Surface energy coefficient of an N2LO Skyrme energy functional: A semiclassical extended Thomas-Fermi approach

We generalize to N2LO Skyrme functionals the semiclassical approach of Grammaticos and Voros in order to calculate the extended Thomas-Fermi expressions of the new densities and currents appearing at the N2LO level. Within a one-dimensional model of semi-infinite symmetric nuclear matter and using a simple Fermi-like density profile, we obtain an easy-to-use formula for the surface-energy coefficient including the contributions of the central, density-dependent, and spin-orbit terms up to h over bar 2. Such a formula can be easily used as a first attempt to constrain the surface properties of new N2LO Skyrme parametrizations.
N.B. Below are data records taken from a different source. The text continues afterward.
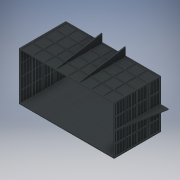
# Autodesk Inventor part: pool cut
Saved by Autodesk Inventor 2019 (Build 230136000, 136)
## iProperties
Created: 2021-05-11
Part Number: pool cut
Material: Stainless Steel, Austenitic
Document SubType Name: Modeling
Designer: jamieson-bl
Density: 8 g/cm^3
Appearance: Semi-Polished
Author: jamieson-bl
Autodesk Inventor part; units mm, degrees
ref_plane "YZ Plane" through (0, 0, 0) normal (1, 0, 0) x (0, 1, 0)
ref_plane "XZ Plane" through (0, 0, 0) normal (0, 1, 0) x (-1, 0, 0)
ref_plane "XY Plane" through (0, 0, 0) normal (0, 0, 1) x (1, 0, 0)
sketch "Sketch1" plane through (0, 0, 0) normal (0, 0, 1) x (1, 0, 0)
  line L0 (1524, -762) -> (-1524, -762)
  line L1 (-1524, -762) -> (-1524, 762)
  line L2 (-1524, 762) -> (1524, 762)
  line L3 (1524, 762) -> (1524, -762)
  line L4 (1524, -762) -> (-1524, 762) construction
  line L5 (-1524, -762) -> (1524, 762) construction
  point P0 (0, 0)
  dimension "d0" = 3048
  dimension "d1" = 1524
  constraints: 12 end point, 2 midpoint, 2 parallel, 1 horizontal, 1 perpendicular
  measures "d0" distance of L1.end L2.end
  measures "d1" distance of L0.end L1.end
extrude "Extrusion1" add sketch "Sketch1" along normal blind 1524
sketch "Sketch2" plane through (0, 0, 1524) normal (0, 0, 1) x (1, 0, 0)
  line L0 (1521.333, -759.333) -> (-1521.333, -759.333)
  line L1 (-1521.333, -759.333) -> (-1521.333, 759.333)
  line L2 (-1521.333, 759.333) -> (1521.333, 759.333)
  line L3 (1521.333, 759.333) -> (1521.333, -759.333)
  line L4 (1521.333, -759.333) -> (-1521.333, 759.333) construction
  line L5 (-1521.333, -759.333) -> (1521.333, 759.333) construction
  point P0 (0, 0)
  dimension "d4" = 3042.666
  dimension "d5" = 1518.666
  constraints: 12 end point, 2 midpoint, 2 parallel, 1 horizontal, 1 perpendicular
  measures "d4" distance of L1.end L2.end
  measures "d5" distance of L0.end L1.end
extrude "Extrusion2" cut sketch "Sketch2" against normal blind 1521.333
sketch "Sketch12" plane through (-1524, 762, 0) normal (0, 1, 0) x (1, 0, 0)
  line L0 (-182.8526, -1524) -> (4734.6574, -1524)
  line L1 (0, -1524) -> (3048, -1524) projected
  line L2 (4734.6574, -1524) -> (4734.6574, -1424)
  line L3 (4734.6574, -1424) -> (-182.8526, -1424)
  line L4 (-182.8526, -1424) -> (-182.8526, -1324)
  line L5 (-182.8526, -1324) -> (4734.6574, -1324)
  line L6 (4734.6574, -1324) -> (4734.6574, -1224)
  line L7 (4734.6574, -1224) -> (-182.8526, -1224)
  line L8 (-182.8526, -1224) -> (-182.8526, -1124)
  line L9 (-182.8526, -1124) -> (4734.6574, -1124)
  line L10 (4734.6574, -1124) -> (4734.6574, -1024)
  line L11 (4734.6574, -1024) -> (-182.8526, -1024)
  line L12 (-182.8526, -1024) -> (-182.8526, -924)
  line L13 (-182.8526, -924) -> (4734.6574, -924)
  line L14 (4734.6574, -924) -> (4734.6574, -824)
  line L15 (4734.6574, -824) -> (-182.8526, -824)
  line L16 (-182.8526, -824) -> (-182.8526, -724)
  line L17 (-182.8526, -724) -> (4734.6574, -724)
  line L18 (4734.6574, -724) -> (4734.6574, -624)
  line L19 (4734.6574, -624) -> (-182.8526, -624)
  line L20 (-182.8526, -624) -> (-182.8526, -524)
  line L21 (-182.8526, -524) -> (4734.6574, -524)
  line L22 (4734.6574, -524) -> (4734.6574, -424)
  line L23 (4734.6574, -424) -> (-182.8526, -424)
  line L24 (-182.8526, -424) -> (-182.8526, -324)
  line L25 (-182.8526, -324) -> (4734.6574, -324)
  line L26 (4734.6574, -324) -> (4734.6574, -224)
  line L27 (4734.6574, -224) -> (-182.8526, -224)
  line L28 (-182.8526, -224) -> (-182.8526, -124)
  line L29 (-182.8526, -124) -> (4734.6574, -124)
  point P0 (1524, 0)
  dimension "d46" = 100
  dimension "d47" = 100
  dimension "d48" = 100
  dimension "d49" = 100
  dimension "d50" = 100
  dimension "d51" = 100
  dimension "d52" = 100
  dimension "d53" = 100
  dimension "d54" = 100
  dimension "d55" = 100
  dimension "d56" = 100
  dimension "d57" = 100
  dimension "d58" = 100
  dimension "d59" = 100
  constraints: 58 end point, 25 point on line, 11 perpendicular, 5 parallel, 1 collinear
  measures "d46" distance of L0.end L2.end
  measures "d47" distance of L3.end L4.end
  measures "d48" distance of L5.end L6.end
  measures "d49" distance of L7.end L8.end
  measures "d50" distance of L9.end L10.end
  measures "d51" distance of L11.end L12.end
  measures "d52" distance of L13.end L14.end
  measures "d53" distance of L15.end L16.end
  measures "d54" distance of L17.end L18.end
  measures "d55" distance of L19.end L20.end
  measures "d56" distance of L21.end L22.end
  measures "d57" distance of L23.end L24.end
  measures "d58" distance of L25.end L26.end
  measures "d59" distance of L27.end L28.end
split_face "Split8"
sketch "Sketch15" plane through (0, 0, 0) normal (0, 0, -1) x (-1, 0, 0)
  line L0 (-1524, 762) -> (-1524, -762) projected
  line L1 (-1524, 762) -> (-1524, 758.825)
  line L2 (-1549.4, 758.825) -> (-1549.4, 787.4)
  line L3 (-1549.4, 787.4) -> (-1498.6, 787.4)
  line L4 (-1498.6, 787.4) -> (-1498.6, 762)
  line L5 (1524, 762) -> (-1524, 762) projected
  line L6 (-1498.6, 762) -> (-1524, 762)
  line L7 (-1549.4, 758.825) -> (-1524, 758.825)
  line L8 (1549.4, -758.825) -> (1524, -758.825)
  line L9 (1549.4, -758.825) -> (1549.4, -787.4)
  line L10 (1549.4, -787.4) -> (1498.6, -787.4)
  line L11 (1498.6, -787.4) -> (1498.6, -762)
  line L12 (1498.6, -762) -> (1524, -762)
  line L13 (1524, -762) -> (1524, -758.825)
  line L14 (0, 0) -> (657.5031, 0) construction
  line L15 (-1524, -762) -> (-1524, 762)
  line L16 (-1524, -762) -> (-1524, -758.825)
  line L17 (-1549.4, -758.825) -> (-1549.4, -787.4)
  line L18 (-1549.4, -787.4) -> (-1498.6, -787.4)
  line L19 (-1498.6, -787.4) -> (-1498.6, -762)
  line L20 (1524, -762) -> (-1524, -762)
  line L21 (-1549.4, -758.825) -> (-1524, -758.825)
  line L22 (1549.4, 758.825) -> (1524, 758.825)
  line L23 (1549.4, 758.825) -> (1549.4, 787.4)
  line L24 (1549.4, 787.4) -> (1498.6, 787.4)
  line L25 (1498.6, 787.4) -> (1498.6, 762)
  line L26 (1498.6, 762) -> (1524, 762)
  line L27 (1524, 762) -> (1524, 758.825)
  line L28 (1524, 762) -> (1524, -762) projected
  line L29 (1524, 762) -> (1549.4, 762)
  line L30 (1549.4, 762) -> (1549.4, 736.6)
  line L31 (1549.4, 736.6) -> (1524, 736.6)
  line L32 (1524, 736.6) -> (1524, 762)
  dimension "d65" = 28.575
  dimension "d68" = 360
  dimension "d134" = 25.4
  dimension "d135" = 25.4
  dimension "d139" = 25.4
  dimension "d141" = 25.4
  constraints: 60 end point, 14 symmetric about line, 3 horizontal, 3 perpendicular, 2 coincident, 2 parallel, 2 point on line, 1 collinear, 1 vertical, 25 other
  measures "d65" distance of L2.start L2.end
  measures "d134" distance of L23.start L22.end
  measures "d135" distance of L25.start L26.start
  measures "d139" distance of L26.end L26.start
  measures "d141" distance of L29.end L30.end
extrude "Extrusion4" add sketch "Sketch15" against normal blind 1524 contours L0 L7 L2 L3 L4 L5 | L0 L20 L19 L18 L17 L21 | L25 L24 L23 L29 L5 | L29 L23 L22 L27 | L12 L13 L8 L9 L10 L11
sketch "Sketch16" plane through (-1498.6, 762, 1524) normal (0, 1, 0) x (1, 0, 0)
  line L0 (0, 1524) -> (2997.2, 1524) projected
  line L1 (0, 1524) -> (0, 0) projected
  line L2 (2997.2, 1524) -> (0, 1524)
  line L3 (0, 1524) -> (0, 1498.6)
  line L4 (0, 1498.6) -> (2997.2, 1498.6)
  line L5 (2997.2, 1498.6) -> (2997.2, 1524)
  line L6 (2997.2, 1123.95) -> (2997.2, 1149.35)
  line L7 (2997.2, 1149.35) -> (0, 1149.35)
  line L8 (0, 1123.95) -> (2997.2, 1123.95)
  line L9 (0, 1149.35) -> (0, 1123.95)
  line L10 (2997.2, 749.3) -> (2997.2, 774.7)
  line L11 (2997.2, 774.7) -> (0, 774.7)
  line L12 (0, 749.3) -> (2997.2, 749.3)
  line L13 (0, 774.7) -> (0, 749.3)
  line L14 (2997.2, 374.65) -> (2997.2, 400.05)
  line L15 (2997.2, 400.05) -> (0, 400.05)
  line L16 (0, 374.65) -> (2997.2, 374.65)
  line L17 (0, 400.05) -> (0, 374.65)
  line L18 (2997.2, 0) -> (2997.2, 25.4)
  line L19 (2997.2, 25.4) -> (0, 25.4)
  line L20 (0, 0) -> (2997.2, 0)
  line L21 (0, 25.4) -> (0, 0)
  point P0 (1498.6, 1524)
  dimension "d72" = 25.4
  dimension "d75" = 374.65
  constraints: 40 end point, 2 parallel, 1 horizontal, 1 perpendicular, 1 point on line, 1 vertical, 32 other
  measures "d72" distance of L3.end L2.end
  measures "d75" distance of L4.end L6.start
extrude "Extrusion5" add sketch "Sketch16" along normal blind 25.4
sketch "Sketch17" plane through (-1498.6, 762, 124) normal (0, 1, 0) x (1, 0, 0)
  line L0 (0, 98.6) -> (2997.2, 98.6) projected
  line L1 (0, -250.65) -> (2997.2, -250.65) projected
  line L2 (1492.123, 98.6) -> (1517.523, 98.6)
  line L3 (1517.523, 98.6) -> (1517.523, -250.65)
  line L4 (1517.523, -250.65) -> (1492.123, -250.65)
  line L5 (1492.123, -250.65) -> (1492.123, 98.6)
  line L6 (1873.123, 98.6) -> (1898.523, 98.6)
  line L7 (1898.523, 98.6) -> (1898.523, -250.65)
  line L8 (1873.123, -250.65) -> (1873.123, 98.6)
  line L9 (1898.523, -250.65) -> (1873.123, -250.65)
  line L10 (2254.123, 98.6) -> (2279.523, 98.6)
  line L11 (2279.523, 98.6) -> (2279.523, -250.65)
  line L12 (2254.123, -250.65) -> (2254.123, 98.6)
  line L13 (2279.523, -250.65) -> (2254.123, -250.65)
  line L14 (2635.123, 98.6) -> (2660.523, 98.6)
  line L15 (2660.523, 98.6) -> (2660.523, -250.65)
  line L16 (2635.123, -250.65) -> (2635.123, 98.6)
  line L17 (2660.523, -250.65) -> (2635.123, -250.65)
  line L18 (1492.123, -276.05) -> (1517.523, -276.05)
  line L19 (1517.523, -276.05) -> (1517.523, -625.3)
  line L20 (1492.123, -625.3) -> (1492.123, -276.05)
  line L21 (1517.523, -625.3) -> (1492.123, -625.3)
  line L22 (1873.123, -276.05) -> (1898.523, -276.05)
  line L23 (1898.523, -276.05) -> (1898.523, -625.3)
  line L24 (1873.123, -625.3) -> (1873.123, -276.05)
  line L25 (1898.523, -625.3) -> (1873.123, -625.3)
  line L26 (2254.123, -276.05) -> (2279.523, -276.05)
  line L27 (2279.523, -276.05) -> (2279.523, -625.3)
  line L28 (2254.123, -625.3) -> (2254.123, -276.05)
  line L29 (2279.523, -625.3) -> (2254.123, -625.3)
  line L30 (2635.123, -276.05) -> (2660.523, -276.05)
  line L31 (2660.523, -276.05) -> (2660.523, -625.3)
  line L32 (2635.123, -625.3) -> (2635.123, -276.05)
  line L33 (2660.523, -625.3) -> (2635.123, -625.3)
  line L34 (1492.123, -650.7) -> (1517.523, -650.7)
  line L35 (1517.523, -650.7) -> (1517.523, -999.95)
  line L36 (1492.123, -999.95) -> (1492.123, -650.7)
  line L37 (1517.523, -999.95) -> (1492.123, -999.95)
  line L38 (1873.123, -650.7) -> (1898.523, -650.7)
  line L39 (1898.523, -650.7) -> (1898.523, -999.95)
  line L40 (1873.123, -999.95) -> (1873.123, -650.7)
  line L41 (1898.523, -999.95) -> (1873.123, -999.95)
  line L42 (2254.123, -650.7) -> (2279.523, -650.7)
  line L43 (2279.523, -650.7) -> (2279.523, -999.95)
  line L44 (2254.123, -999.95) -> (2254.123, -650.7)
  line L45 (2279.523, -999.95) -> (2254.123, -999.95)
  line L46 (2635.123, -650.7) -> (2660.523, -650.7)
  line L47 (2660.523, -650.7) -> (2660.523, -999.95)
  line L48 (2635.123, -999.95) -> (2635.123, -650.7)
  line L49 (2660.523, -999.95) -> (2635.123, -999.95)
  line L50 (1492.123, -1025.35) -> (1517.523, -1025.35)
  line L51 (1517.523, -1025.35) -> (1517.523, -1374.6)
  line L52 (1492.123, -1374.6) -> (1492.123, -1025.35)
  line L53 (1517.523, -1374.6) -> (1492.123, -1374.6)
  line L54 (1873.123, -1025.35) -> (1898.523, -1025.35)
  line L55 (1898.523, -1025.35) -> (1898.523, -1374.6)
  line L56 (1873.123, -1374.6) -> (1873.123, -1025.35)
  line L57 (1898.523, -1374.6) -> (1873.123, -1374.6)
  line L58 (2254.123, -1025.35) -> (2279.523, -1025.35)
  line L59 (2279.523, -1025.35) -> (2279.523, -1374.6)
  line L60 (2254.123, -1374.6) -> (2254.123, -1025.35)
  line L61 (2279.523, -1374.6) -> (2254.123, -1374.6)
  line L62 (2635.123, -1025.35) -> (2660.523, -1025.35)
  line L63 (2660.523, -1025.35) -> (2660.523, -1374.6)
  line L64 (2635.123, -1374.6) -> (2635.123, -1025.35)
  line L65 (2660.523, -1374.6) -> (2635.123, -1374.6)
  line L66 (1136.523, 98.6) -> (1136.523, -250.65)
  line L67 (1111.123, 98.6) -> (1136.523, 98.6)
  line L68 (1111.123, -250.65) -> (1111.123, 98.6)
  line L69 (1136.523, -250.65) -> (1111.123, -250.65)
  line L70 (1111.123, -276.05) -> (1136.523, -276.05)
  line L71 (1136.523, -276.05) -> (1136.523, -625.3)
  line L72 (1111.123, -625.3) -> (1111.123, -276.05)
  line L73 (1136.523, -625.3) -> (1111.123, -625.3)
  line L74 (1111.123, -650.7) -> (1136.523, -650.7)
  line L75 (1136.523, -650.7) -> (1136.523, -999.95)
  line L76 (1111.123, -999.95) -> (1111.123, -650.7)
  line L77 (1136.523, -999.95) -> (1111.123, -999.95)
  line L78 (1111.123, -1025.35) -> (1136.523, -1025.35)
  line L79 (1136.523, -1025.35) -> (1136.523, -1374.6)
  line L80 (1111.123, -1374.6) -> (1111.123, -1025.35)
  line L81 (1136.523, -1374.6) -> (1111.123, -1374.6)
  line L82 (755.523, 98.6) -> (755.523, -250.65)
  line L83 (730.123, 98.6) -> (755.523, 98.6)
  line L84 (730.123, -250.65) -> (730.123, 98.6)
  line L85 (755.523, -250.65) -> (730.123, -250.65)
  line L86 (730.123, -276.05) -> (755.523, -276.05)
  line L87 (755.523, -276.05) -> (755.523, -625.3)
  line L88 (730.123, -625.3) -> (730.123, -276.05)
  line L89 (755.523, -625.3) -> (730.123, -625.3)
  line L90 (730.123, -650.7) -> (755.523, -650.7)
  line L91 (755.523, -650.7) -> (755.523, -999.95)
  line L92 (730.123, -999.95) -> (730.123, -650.7)
  line L93 (755.523, -999.95) -> (730.123, -999.95)
  line L94 (730.123, -1025.35) -> (755.523, -1025.35)
  line L95 (755.523, -1025.35) -> (755.523, -1374.6)
  line L96 (730.123, -1374.6) -> (730.123, -1025.35)
  line L97 (755.523, -1374.6) -> (730.123, -1374.6)
  line L98 (374.523, 98.6) -> (374.523, -250.65)
  line L99 (349.123, 98.6) -> (374.523, 98.6)
  line L100 (349.123, -250.65) -> (349.123, 98.6)
  line L101 (374.523, -250.65) -> (349.123, -250.65)
  line L102 (349.123, -276.05) -> (374.523, -276.05)
  line L103 (374.523, -276.05) -> (374.523, -625.3)
  line L104 (349.123, -625.3) -> (349.123, -276.05)
  line L105 (374.523, -625.3) -> (349.123, -625.3)
  line L106 (349.123, -650.7) -> (374.523, -650.7)
  line L107 (374.523, -650.7) -> (374.523, -999.95)
  line L108 (349.123, -999.95) -> (349.123, -650.7)
  line L109 (374.523, -999.95) -> (349.123, -999.95)
  line L110 (349.123, -1025.35) -> (374.523, -1025.35)
  line L111 (374.523, -1025.35) -> (374.523, -1374.6)
  line L112 (349.123, -1374.6) -> (349.123, -1025.35)
  line L113 (374.523, -1374.6) -> (349.123, -1374.6)
  point P0 (1498.6, 124)
  dimension "d82" = 25.4
  dimension "d85" = 381
  dimension "d88" = 374.65
  dimension "d93" = 381
  constraints: 224 end point, 3 horizontal, 2 parallel, 2 point on line, 1 collinear, 1 perpendicular, 1 vertical, 215 other
  measures "d82" distance of L3.end L4.end
  measures "d85" distance of L2.start L6.start
  measures "d88" distance of L2.start L18.start
  measures "d93" distance of L2.end L66.start
extrude "Extrusion6" add sketch "Sketch17" along normal blind 25.4 contours L0 L98 L1 L100 | L0 L82 L1 L84 | L0 L66 L1 L68 | L0 L3 L1 L5 | L0 L7 L1 L8 | L0 L11 L1 L12 | L0 L15 L1 L16 | L18 L19 L21 L20 | L22 L23 L25 L24 | L26 L27 L29 L28 | L30 L31 L33 L32 | L34 L35 L37 L36 | L38 L39 L41 L40 | L42 L43 L45 L44 | L46 L47 L49 L48 | L50 L51 L53 L52 | L54 L55 L57 L56 | L58 L59 L61 L60 | L62 L63 L65 L64 | L70 L71 L73 L72 | L74 L75 L77 L76 | L78 L79 L81 L80 | L86 L87 L89 L88 | L90 L91 L93 L92 | L94 L95 L97 L96 | L102 L103 L105 L104 | L106 L107 L109 L108 | L110 L111 L113 L112
pattern_linear "Rectangular Pattern1" count 2 spacing 1549.4 along (0, -1, 0) of "Extrusion6", "Extrusion5"
sketch "Sketch18" plane through (1524, -758.825, 524) normal (1, 0, 0) x (0, 0, -1)
  line L0 (524, 1517.65) -> (-1000, 1517.65) projected
  line L1 (524, 0) -> (-1000, 0) projected
  line L2 (-1000, 1517.65) -> (-974.6, 1517.65)
  line L3 (-974.6, 1517.65) -> (-974.6, 0)
  line L4 (-974.6, 0) -> (-1000, 0)
  line L5 (-1000, 0) -> (-1000, 1517.65)
  line L6 (-599.95, 1517.65) -> (-599.95, 0)
  line L7 (-625.35, 1517.65) -> (-599.95, 1517.65)
  line L8 (-625.35, 0) -> (-625.35, 1517.65)
  line L9 (-599.95, 0) -> (-625.35, 0)
  line L10 (-225.3, 1517.65) -> (-225.3, 0)
  line L11 (-250.7, 1517.65) -> (-225.3, 1517.65)
  line L12 (-250.7, 0) -> (-250.7, 1517.65)
  line L13 (-225.3, 0) -> (-250.7, 0)
  line L14 (149.35, 1517.65) -> (149.35, 0)
  line L15 (123.95, 1517.65) -> (149.35, 1517.65)
  line L16 (123.95, 0) -> (123.95, 1517.65)
  line L17 (149.35, 0) -> (123.95, 0)
  line L18 (524, 1517.65) -> (524, 0)
  line L19 (498.6, 1517.65) -> (524, 1517.65)
  line L20 (498.6, 0) -> (498.6, 1517.65)
  line L21 (524, 0) -> (498.6, 0)
  point P0 (524, 758.825)
  dimension "d103" = 25.4
  dimension "d106" = 374.65
  constraints: 40 end point, 2 horizontal, 2 parallel, 1 perpendicular, 1 point on line, 32 other
  measures "d103" distance of L3.end L4.end
  measures "d106" distance of L2.end L6.start
extrude "Extrusion7" add sketch "Sketch18" along normal blind 25.4 contours L18 L1 L20 L0 | L14 L1 L16 L0 | L10 L1 L12 L0 | L6 L1 L8 L0 | L3 L1 L5 L0
sketch "Sketch19" plane through (1524, -758.825, 1424) normal (1, 0, 0) x (0, 0, -1)
  line L0 (1398.6, 1517.65) -> (1398.6, 0) projected
  line L1 (1049.35, 0) -> (1049.35, 1517.65) projected
  line L2 (1398.6, 723.9) -> (1049.35, 723.9)
  line L3 (1049.35, 723.9) -> (1049.35, 749.3)
  line L4 (1049.35, 749.3) -> (1398.6, 749.3)
  line L5 (1398.6, 749.3) -> (1398.6, 723.9)
  line L6 (1049.35, 1104.9) -> (1049.35, 1130.3)
  line L7 (1049.35, 1130.3) -> (1398.6, 1130.3)
  line L8 (1398.6, 1104.9) -> (1049.35, 1104.9)
  line L9 (1398.6, 1130.3) -> (1398.6, 1104.9)
  line L10 (674.7, 723.9) -> (674.7, 749.3)
  line L11 (674.7, 749.3) -> (1023.95, 749.3)
  line L12 (1023.95, 723.9) -> (674.7, 723.9)
  line L13 (1023.95, 749.3) -> (1023.95, 723.9)
  line L14 (674.7, 1104.9) -> (674.7, 1130.3)
  line L15 (674.7, 1130.3) -> (1023.95, 1130.3)
  line L16 (1023.95, 1104.9) -> (674.7, 1104.9)
  line L17 (1023.95, 1130.3) -> (1023.95, 1104.9)
  line L18 (300.05, 723.9) -> (300.05, 749.3)
  line L19 (300.05, 749.3) -> (649.3, 749.3)
  line L20 (649.3, 723.9) -> (300.05, 723.9)
  line L21 (649.3, 749.3) -> (649.3, 723.9)
  line L22 (300.05, 1104.9) -> (300.05, 1130.3)
  line L23 (300.05, 1130.3) -> (649.3, 1130.3)
  line L24 (649.3, 1104.9) -> (300.05, 1104.9)
  line L25 (649.3, 1130.3) -> (649.3, 1104.9)
  line L26 (-74.6, 723.9) -> (-74.6, 749.3)
  line L27 (-74.6, 749.3) -> (274.65, 749.3)
  line L28 (274.65, 723.9) -> (-74.6, 723.9)
  line L29 (274.65, 749.3) -> (274.65, 723.9)
  line L30 (-74.6, 1104.9) -> (-74.6, 1130.3)
  line L31 (-74.6, 1130.3) -> (274.65, 1130.3)
  line L32 (274.65, 1104.9) -> (-74.6, 1104.9)
  line L33 (274.65, 1130.3) -> (274.65, 1104.9)
  line L34 (1049.35, 368.3) -> (1398.6, 368.3)
  line L35 (1398.6, 342.9) -> (1049.35, 342.9)
  line L36 (1398.6, 368.3) -> (1398.6, 342.9)
  line L37 (1049.35, 342.9) -> (1049.35, 368.3)
  line L38 (1023.95, 368.3) -> (1023.95, 342.9)
  line L39 (674.7, 368.3) -> (1023.95, 368.3)
  line L40 (1023.95, 342.9) -> (674.7, 342.9)
  line L41 (674.7, 342.9) -> (674.7, 368.3)
  line L42 (649.3, 368.3) -> (649.3, 342.9)
  line L43 (300.05, 368.3) -> (649.3, 368.3)
  line L44 (649.3, 342.9) -> (300.05, 342.9)
  line L45 (300.05, 342.9) -> (300.05, 368.3)
  line L46 (274.65, 368.3) -> (274.65, 342.9)
  line L47 (-74.6, 368.3) -> (274.65, 368.3)
  line L48 (274.65, 342.9) -> (-74.6, 342.9)
  line L49 (-74.6, 342.9) -> (-74.6, 368.3)
  point P0 (1424, 758.825)
  dimension "d113" = 25.4
  dimension "d116" = 381
  dimension "d119" = 374.65
  dimension "d124" = 381
  constraints: 96 end point, 2 horizontal, 2 parallel, 2 point on line, 2 vertical, 1 collinear, 1 perpendicular, 87 other
  measures "d113" distance of L2.end L3.end
  measures "d116" distance of L2.end L6.start
  measures "d119" distance of L2.end L10.start
  measures "d124" distance of L3.end L34.start
extrude "Extrusion8" add sketch "Sketch19" along normal blind 25.4 contours L0 L8 L1 L7 | L0 L2 L1 L4 | L0 L35 L1 L34 | L10 L11 L13 L12 | L14 L15 L17 L16 | L18 L19 L21 L20 | L22 L23 L25 L24 | L26 L27 L29 L28 | L30 L31 L33 L32 | L38 L40 L41 L39 | L42 L44 L45 L43 | L46 L48 L49 L47
pattern_linear "Rectangular Pattern3" count 2 spacing 3073.4 along (-1, 0, 0) of "Extrusion7", "Extrusion8"
sketch "Sketch20" plane through (-387.477, -787.4, 1149.35) normal (-1, 0, 0) x (0, 0, 1)
  line L0 (374.65, 0) -> (374.65, 1574.8) projected
  line L1 (374.65, 0) -> (-1149.35, 0)
  line L2 (-1149.35, 0) -> (-1149.35, -254)
  line L3 (-1149.35, -254) -> (374.65, 0)
  point P0 (-1149.35, 787.4)
  dimension "d142" = 254
  constraints: 6 end point, 1 horizontal, 1 perpendicular
  measures "d142" distance of L1.end L2.end
extrude "Extrusion9" add sketch "Sketch20" against normal blind 25.4
pattern_linear "Rectangular Pattern4" count 2 spacing 762 along (1, 0, 0) of "Extrusion9"
mirror "Mirror1" about plane through (0, 0, 0) normal (0, 1, 0) of "Extrusion9", "Rectangular Pattern4"
sketch "Sketch21" plane through (1524, -34.925, 1324) normal (0, -1, 0) x (1, 0, 0)
  line L0 (-1124.077, 200) -> (25.4, 200) projected
  line L1 (25.4, 200) -> (25.4, -1324)
  line L2 (25.4, -1324) -> (279.4, -1324)
  line L3 (279.4, -1324) -> (25.4, 200)
  point P0 (-1524, -1324)
  point P1 (-25.4, 200)
  dimension "d148" = 254
  constraints: 6 end point, 1 perpendicular, 1 vertical
  measures "d148" distance of L1.end L2.end
extrude "Extrusion10" add sketch "Sketch21" against normal blind 25.4
mirror "Mirror2" about plane through (0, 0, 0) normal (1, 0, 0) of "Extrusion10"

The N2LO parametrization tested in this paper is shown to exhibit a shift (compared with a full Hartree-Fock calculation) which is quantitatively similar to the one obtained with the traditional Skyrme parametrizations.

Automated summary

We generalize the semiclassical approach of Grammaticos and Voros to N2LO Skyrme functionals to calculate the extended Thomas-Fermi expressions of the new densities and currents at N2LO level. Using a simple Fermi-like density profile in a one-dimensional model, we obtain an easy-to-use formula for the surface-energy coefficient, incorporating contributions from central, density-dependent, and spin-orbit terms up to h bar 2. This formula serves as a first attempt to constrain the surface properties of new N2LO Skyrme parametrizations. The tested N2LO parametrization in this paper exhibits a quantitatively similar shift compared to traditional Skyrme parametrizations.